# PROMPT
Only certain lines below are wanted: those starting at the line containing "STATE : Outport" and ending at the line containing "Cast2/1 -> Compose String2/3", both included, each retyped exactly.

# RECORDS FOR THIS TASK
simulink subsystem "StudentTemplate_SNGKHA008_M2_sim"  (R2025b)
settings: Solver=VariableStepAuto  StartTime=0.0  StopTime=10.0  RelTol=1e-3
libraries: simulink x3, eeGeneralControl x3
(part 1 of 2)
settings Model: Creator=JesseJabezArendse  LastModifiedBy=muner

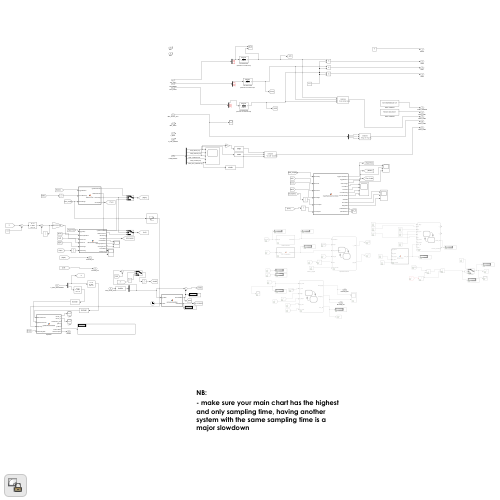
[thumbnail: Simulink's stored preview of the top-level diagram]
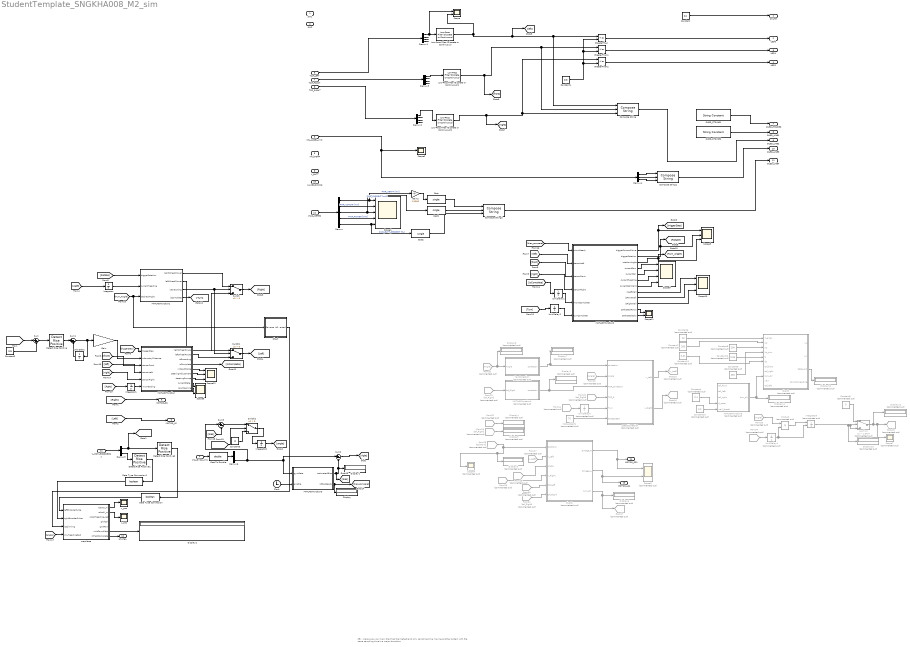
== system StudentTemplate_SNGKHA008_M2_sim ==
  note: NB:
      |
      | - make sure your main chart has the highest and only sampling time, having another system with the same sampling time is a major slowdown
  SW1 : Inport
  SW2 : Inport  Port=2
  IMU_ACCEL_XYZ : Inport  Port=3
  IMU_GYRO_XYZ : Inport  Port=4
  IMU_TEMP : Inport  Port=5
  TOF_LEFT : Inport  Port=6
  TOF_FRONT : Inport  Port=7
  TOF_RIGHT : Inport  Port=8
  V_BATT : Inport  Port=9
  V_LINE_DOWNs : Inport  Port=10
  V_MOT_ENCODERSs : Inport  Port=11
  PWR_METER : Inport  Port=12
  Cast : DataTypeConversion  OutDataTypeStr=single  SaturateOnIntegerOverflow=off  RndMeth=Floor
  Cast To Double : DataTypeConversion  OutDataTypeStr=double  SaturateOnIntegerOverflow=off  RndMeth=Floor
  Cast1 : DataTypeConversion  OutDataTypeStr=single  SaturateOnIntegerOverflow=off  RndMeth=Floor
  Cast2 : DataTypeConversion  OutDataTypeStr=single  SaturateOnIntegerOverflow=off  RndMeth=Floor
  Chart : Stateflow chart  TreatAsAtomicUnit=on
  Chart1 : Stateflow chart  Commented=on  TreatAsAtomicUnit=on
  Chart2 : Stateflow chart  Commented=on  TreatAsAtomicUnit=on
  Clock : Clock
  Compose String : ComposeString  Format="\"L%1.2f F%1.2f R%1.2f\""
  Compose String1 : ComposeString  Format="\"X%2.1f  Y%2.1f  Z%2.1f\""
  Compose String2 : ComposeString  Format="\"%1.2fV  %3.0fmA  %2.0f%%\""
  Constant : Constant  Value=11
  Constant1 : Constant  Value=0.3  SampleTime=-1
  Constant10 : Constant  Commented=on  Value=0.2
  Constant11 : Constant  Commented=on  Value=0.01
  Constant12 : Constant  Commented=on  Value=0.05
  Constant2 : Constant  Value=0.5
  Constant3 : Constant  Value=0
  Constant4 : Constant  Commented=on  Value=0.4
  Constant5 : Constant  Commented=on  Value=0
  Constant6 : Constant  Commented=on  Value=10
  Constant7 : Constant  Commented=on  Value=200
  Constant8 : Constant  Commented=on  Value=200
  Constant9 : Constant  Commented=on  Value=250
  Data Type Conversion : DataTypeConversion  OutDataTypeStr=boolean  SaturateOnIntegerOverflow=off  RndMeth=Floor
  Data Type Conversion1 : DataTypeConversion  OutDataTypeStr=boolean  SaturateOnIntegerOverflow=off  RndMeth=Floor
  Demux : Demux  Outputs=5
  Demux1 : Demux
  Demux2 : Demux
  Demux3 : Demux
  Demux4 : Demux  Outputs=3
  Demux5 : Demux  Outputs=2
  Demux6 : Demux  Outputs=3
  Detect Rise Positive : simulink/Logic and Bit Operations/Detect Rise Positive  vinit=0  OutDataTypeStr=uint8
  Detect Rise Positive1 : simulink/Logic and Bit Operations/Detect Rise Positive  vinit=0  OutDataTypeStr=uint8
  Detect Rise Positive2 : simulink/Logic and Bit Operations/Detect Rise Positive  vinit=0  OutDataTypeStr=uint8
  Display : Display
  Display1 : Display
  Display{3..13} (11 alike) : Display  Commented=on
  Display2 : Display
  From{20,23,26,31} (4 alike) : From  Commented=on  GotoTag=tof_Right
  From21 : From  Commented=on  GotoTag=Angle
  From22 : From  Commented=on  GotoTag=Angle
  From24 : From  Commented=on  GotoTag=turn_dir
  From25 : From  Commented=on  GotoTag=tof_Front
  From27 : From  Commented=on  GotoTag=v_Left
  From28 : From  Commented=on  GotoTag=v_Right
  From29 : From  Commented=on  GotoTag=intAngle
  From30 : From  Commented=on  GotoTag=tof_Left
  From32 : From  Commented=on  GotoTag=tof_Left
  From33 : From  Commented=on  GotoTag=Angle
  From34 : From  Commented=on  GotoTag=turn_dir
  Gain : Gain  Gain=(2*pi*0.031)/8  OutDataTypeStr=double
  Gain2 : Gain  Gain=1/1000
  Goto15 : Goto  Commented=on  GotoTag=v_Left
  Goto16 : Goto  Commented=on  GotoTag=v_Right
  Goto17 : Goto  Commented=on  GotoTag=turn_dir
  Goto18 : Goto  Commented=on  GotoTag=intAngle
  GreaterThan : RelationalOperator  Operator=<=  OutDataTypeStr=boolean  RndMeth=Simplest  InputSameDT=off
  GreaterThan1 : RelationalOperator  Operator=<=  OutDataTypeStr=boolean  RndMeth=Simplest  InputSameDT=off
  GreaterThan2 : RelationalOperator  Operator=<=  OutDataTypeStr=boolean  RndMeth=Simplest  InputSameDT=off
  Integrator : Integrator
  Integrator1 : Integrator
  Integrator2 : Integrator
  Integrator3 : Integrator  Commented=on  ExternalReset=rising  IgnoreLimit=on
  Low-Pass Filter (Discrete or Continuous) : eeGeneralControl/Low-Pass Filter (Discrete or Continuous)  K=1  T=0.1  B=inf  A=-inf  init_option=Inherited from block input  x0=0  Ts=-1
  Low-Pass Filter (Discrete or Continuous)1 : eeGeneralControl/Low-Pass Filter (Discrete or Continuous)  K=1  T=0.1  B=inf  A=-inf  init_option=Inherited from block input  x0=0  Ts=-1
  Low-Pass Filter (Discrete or Continuous)2 : eeGeneralControl/Low-Pass Filter (Discrete or Continuous)  K=1  T=0.1  B=inf  A=-inf  init_option=Inherited from block input  x0=0  Ts=-1
  MATLAB Function : MATLAB Function  TreatAsAtomicUnit=on
  MATLAB Function1 : MATLAB Function  TreatAsAtomicUnit=on
  MATLAB Function2 : MATLAB Function  TreatAsAtomicUnit=on
  MATLAB Function3 : MATLAB Function  TreatAsAtomicUnit=on
  MATLAB Function4 : MATLAB Function  Commented=on  TreatAsAtomicUnit=on
  MATLAB Function5 : MATLAB Function  Commented=on  TreatAsAtomicUnit=on
  Motor_Right1 : Constant  Commented=on  Value=70
  OLED_STRING1 : StringConstant  String="\"UCT MICROMOUSE '25\""
  OLED_STRING2 : StringConstant  String="\"Simulink Data Demo\""
  Product : Product  Commented=on
  Scope : Scope  NumInputPorts=2
      settings: ActiveDisplayYMinimum=0.22759  ActiveDisplayYMaximum=0.52326
  Scope1 : Scope  NumInputPorts=5
      settings: ActiveDisplayYMinimum=-437.5  ActiveDisplayYMaximum=3937.5  DataLoggingVariableName=ScopeData2
  Scope10 : Scope  NumInputPorts=3
      settings: ActiveDisplayYMinimum=0.98925625787217453  ActiveDisplayYMaximum=0.99681786366496772  DataLoggingVariableName=ScopeData10
  Scope11 : Scope  NumInputPorts=2
      settings: ActiveDisplayYMinimum=-0.23906863330343775  ActiveDisplayYMaximum=4.8444494296796581  DataLoggingVariableName=ScopeData11
  Scope12 : Scope  NumInputPorts=3
      settings: ActiveDisplayYMinimum=-2.531731349223886  ActiveDisplayYMaximum=1.0800580317827295  DataLoggingVariableName=ScopeData12
  Scope2 : Scope
  Scope3 : Scope  Commented=on  NumInputPorts=2
      settings: ActiveDisplayYMinimum=3.7629222666728168  ActiveDisplayYMaximum=58.174461604760253  DataLoggingVariableName=ScopeData7  DataLoggingSaveFormat=Array
  Scope4 : Scope  Commented=on
      settings: DataLoggingVariableName=ScopeData8  DataLoggingSaveFormat=Array
  Scope5 : Scope  NumInputPorts=3
      settings: ActiveDisplayYMinimum=0.99964425322969275  ActiveDisplayYMaximum=0.9999942157758529  DataLoggingVariableName=ScopeData5
  Scope6 : Scope  NumInputPorts=2
      settings: ActiveDisplayYMinimum=0.85509125291869592  ActiveDisplayYMaximum=2.7298807987704121  DataLoggingVariableName=ScopeData6
  Scope7 : Scope  Commented=on
      settings: ActiveDisplayYMinimum=-0.42413182902128876  ActiveDisplayYMaximum=1.7667040811774113  DataLoggingVariableName=ScopeData13  DataLoggingSaveFormat=Array
  Scope9 : Scope  NumInputPorts=4
      settings: ActiveDisplayYMinimum=0.35938212114718482  ActiveDisplayYMaximum=4.7848118188048927  DataLoggingVariableName=ScopeData9
  Sum : Sum  Inputs=|+-
  Sum1 : Sum  Inputs=|++
  Sum2 : Sum  Inputs=|+-
  Sum3 : Sum  Inputs=|+-
  Switch : Switch  Criteria=u2 > Threshold  SaturateOnIntegerOverflow=off  InputSameDT=off
  Switch1 : Switch  Criteria=u2 > Threshold  SaturateOnIntegerOverflow=off  InputSameDT=off
  Switch2 : Switch  Criteria=u2 > Threshold  SaturateOnIntegerOverflow=off  InputSameDT=off
  Unit Delay : UnitDelay  SampleTime=-1  HasFrameUpgradeWarning=on
  Unit Delay1 : UnitDelay  SampleTime=-1  HasFrameUpgradeWarning=on
  Unit Delay2 : UnitDelay  SampleTime=-1  HasFrameUpgradeWarning=on
  Unit Delay3 : UnitDelay  Commented=on  SampleTime=-1  HasFrameUpgradeWarning=on
  Unit Delay4 : UnitDelay  Commented=on  SampleTime=-1  HasFrameUpgradeWarning=on
  YawCorrection : Subsystem  Commented=on
  mapMaze : MATLAB Function  TreatAsAtomicUnit=on
  speedCorrection : Stateflow chart  Commented=on  TreatAsAtomicUnit=on
  x_pos : Scope
      settings: ActiveDisplayYMinimum=-0.86826347305388651  ActiveDisplayYMaximum=1.6467065868263511  DataLoggingVariableName=ScopeData4
  y_pos : Scope
      settings: ActiveDisplayYMinimum=0.29695243955776018  ActiveDisplayYMaximum=0.40218354928423572  DataLoggingVariableName=ScopeData3
  yawTurn : Switch  Commented=on  Criteria=u2 > Threshold  Threshold=1.5707  SaturateOnIntegerOverflow=off  InputSameDT=off
  STATE : Outport
  LED0 : Outport  Port=2
  LED1 : Outport  Port=3
  LED2 : Outport  Port=4
  MOTOR_LS : Outport  Port=5
  MOTOR_RS : Outport  Port=6
  OLED_HEADER : Outport  Port=7
  OLED_LINE1 : Outport  Port=8
  OLED_LINE2 : Outport  Port=9
  OLED_LINE3 : Outport  Port=10
  OLED_LINE4 : Outport  Port=11
  STATE1 : Outport  Port=12
  MOTOR_LS1 : Outport  Port=13
  MOTOR_RS1 : Outport  Port=14
  wires:
  TOF_FRONT/1 -> Demux3/1
  OLED_STRING2/1 -> OLED_LINE1/1
  Demux2/1 -> Low-Pass Filter (Discrete or Continuous)2/1
  Demux2/3 -> ?
  Demux2/2 -> ?
  Demux2/4 -> ?
  Compose String1/1 -> OLED_LINE3/1
  GreaterThan1/1 -> LED1/1
  Demux3/3 -> ?
  TOF_RIGHT/1 -> Demux2/1
  Demux3/4 -> ?
  Demux3/2 -> ?
  Demux1/2 -> ?
  Demux3/1 -> Low-Pass Filter (Discrete or Continuous)1/1
  OLED_STRING1/1 -> OLED_HEADER/1
  Demux1/1 -> Scope/1, Low-Pass Filter (Discrete or Continuous)/1
  Compose String/1 -> OLED_LINE2/1
  Constant1/1 -> GreaterThan2/2, GreaterThan1/2, GreaterThan/2
  Demux1/4 -> ?
  GreaterThan2/1 -> LED2/1
  TOF_LEFT/1 -> Demux1/1
  GreaterThan/1 -> LED0/1
  Demux1/3 -> ?
  PWR_METER/1 -> Demux/1
  Demux/1 -> Scope1/1, Gain2/1  "PWR_VBATT [mV]"
  Demux/2 -> Scope1/2  "PWR_VSHUNT [mV]"
  Demux/3 -> Scope1/3, Cast1/1  "PWR_CURRENT [mA]"
  Demux/4 -> Scope1/4  "PWR_POWER [mW]"
  Demux/5 -> Scope1/5, Cast2/1  "PWR_BATT_PERCENT [%]"
  IMU_ACCEL_XYZ/1 -> Demux4/1, Scope2/1
  Demux4/1 -> Compose String1/1
  Demux4/2 -> Compose String1/2
  Demux4/3 -> Compose String1/3
  Compose String2/1 -> OLED_LINE4/1
  Gain2/1 -> Cast/1
  Cast/1 -> Compose String2/1
  Cast1/1 -> Compose String2/2
  Cast2/1 -> Compose String2/3
  Constant/1 -> STATE/1
  Demux5/2 -> Detect Rise Positive1/1
  Demux5/1 -> [Right_encoder], Detect Rise Positive2/1
  V_MOT_ENCODERSs/1 -> Demux5/1
  Sum2/1 -> [Agle]
  MATLAB Function3/2(isBiasReady) -> [bias_compare], Display/1
  MATLAB Function3/1(estimatedBias) -> Sum2/2, Display1/1, [bias]
  Clock/1 -> MATLAB Function3/2(enable)
  [Left] -> MOTOR_LS/1
  [Right] -> MOTOR_RS/1
  [front] -> MATLAB Function/3(sensorFront)
  MATLAB Function1/3(isExecuting) -> Switch/2, Switch1/2
  Integrator1/1 -> MATLAB Function/6(imuHeading)
  [Agle] -> Integrator1/1
  [bias_compare] -> MATLAB Function2/1(isImuReady)
  MATLAB Function/9(sawOpening) -> Scope6/2
  MATLAB Function/6(steeringAdjustment) -> Scope12/2
  Unit Delay1/1 -> MATLAB Function2/5(moveComplete)
  MATLAB Function/5(inCoastMode) -> Scope12/1
  Switch/1 -> [Right]
  MATLAB Function2/12(pathStackCols) -> Scope11/2
  Sum1/1 -> Gain/1, Unit Delay/1
  [isComplete] -> Unit Delay1/1
  [left] -> MATLAB Function/4(sensorLeft)
  [Rotate] -> MATLAB Function1/1(triggerRotation)
  [Turn_Angle] -> MATLAB Function1/3(desiredAngle), Chart/1(Reverse)
  [left] -> MATLAB Function2/2(sensorLeft)
  MATLAB Function/8(currentState) -> Scope6/1
  MATLAB Function2/10(isRightWall) -> Scope10/3
  MATLAB Function/1(rightWheelPower) -> Switch/3
  MATLAB Function2/6(currentHeading) -> Scope9/3
  [Right_encoder] -> Sum/1
  MATLAB Function2/7(currentCellWalls) -> Scope9/4
  [Agle] -> Integrator/1
  Gain/1 -> MATLAB Function/2(odometryDistance)
  [Turn] -> Unit Delay2/1
  MATLAB Function/2(leftWheelPower) -> Switch1/3
  MATLAB Function2/8(isLeftWall) -> Scope10/1
  Constant2/1 -> Sum/2
  MATLAB Function2/5(currentCol) -> Scope9/2
  MATLAB Function/4(isComplete) -> [isComplete]
  MATLAB Function2/3(rotationAngle) -> Scope5/3, [Turn_Angle]
  MATLAB Function2/11(pathStackRows) -> Scope11/1
  Integrator/1 -> MATLAB Function1/2(currentHeading)
  Unit Delay/1 -> Sum1/2
  [front] -> MATLAB Function2/3(sensorFront)
  Sum/1 -> Detect Rise Positive/1
  [right] -> MATLAB Function2/4(sensorRight)
  MATLAB Function1/4(isComplete) -> [Turn]
  Switch1/1 -> [Left]
  MATLAB Function2/9(isFrontWall) -> Scope10/2
  MATLAB Function1/2(leftWheelPower) -> Switch1/1
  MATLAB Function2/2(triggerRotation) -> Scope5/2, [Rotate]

# ANSWER
  STATE : Outport
  LED0 : Outport  Port=2
  LED1 : Outport  Port=3
  LED2 : Outport  Port=4
  MOTOR_LS : Outport  Port=5
  MOTOR_RS : Outport  Port=6
  OLED_HEADER : Outport  Port=7
  OLED_LINE1 : Outport  Port=8
  OLED_LINE2 : Outport  Port=9
  OLED_LINE3 : Outport  Port=10
  OLED_LINE4 : Outport  Port=11
  STATE1 : Outport  Port=12
  MOTOR_LS1 : Outport  Port=13
  MOTOR_RS1 : Outport  Port=14
  wires:
  TOF_FRONT/1 -> Demux3/1
  OLED_STRING2/1 -> OLED_LINE1/1
  Demux2/1 -> Low-Pass Filter (Discrete or Continuous)2/1
  Demux2/3 -> ?
  Demux2/2 -> ?
  Demux2/4 -> ?
  Compose String1/1 -> OLED_LINE3/1
  GreaterThan1/1 -> LED1/1
  Demux3/3 -> ?
  TOF_RIGHT/1 -> Demux2/1
  Demux3/4 -> ?
  Demux3/2 -> ?
  Demux1/2 -> ?
  Demux3/1 -> Low-Pass Filter (Discrete or Continuous)1/1
  OLED_STRING1/1 -> OLED_HEADER/1
  Demux1/1 -> Scope/1, Low-Pass Filter (Discrete or Continuous)/1
  Compose String/1 -> OLED_LINE2/1
  Constant1/1 -> GreaterThan2/2, GreaterThan1/2, GreaterThan/2
  Demux1/4 -> ?
  GreaterThan2/1 -> LED2/1
  TOF_LEFT/1 -> Demux1/1
  GreaterThan/1 -> LED0/1
  Demux1/3 -> ?
  PWR_METER/1 -> Demux/1
  Demux/1 -> Scope1/1, Gain2/1  "PWR_VBATT [mV]"
  Demux/2 -> Scope1/2  "PWR_VSHUNT [mV]"
  Demux/3 -> Scope1/3, Cast1/1  "PWR_CURRENT [mA]"
  Demux/4 -> Scope1/4  "PWR_POWER [mW]"
  Demux/5 -> Scope1/5, Cast2/1  "PWR_BATT_PERCENT [%]"
  IMU_ACCEL_XYZ/1 -> Demux4/1, Scope2/1
  Demux4/1 -> Compose String1/1
  Demux4/2 -> Compose String1/2
  Demux4/3 -> Compose String1/3
  Compose String2/1 -> OLED_LINE4/1
  Gain2/1 -> Cast/1
  Cast/1 -> Compose String2/1
  Cast1/1 -> Compose String2/2
  Cast2/1 -> Compose String2/3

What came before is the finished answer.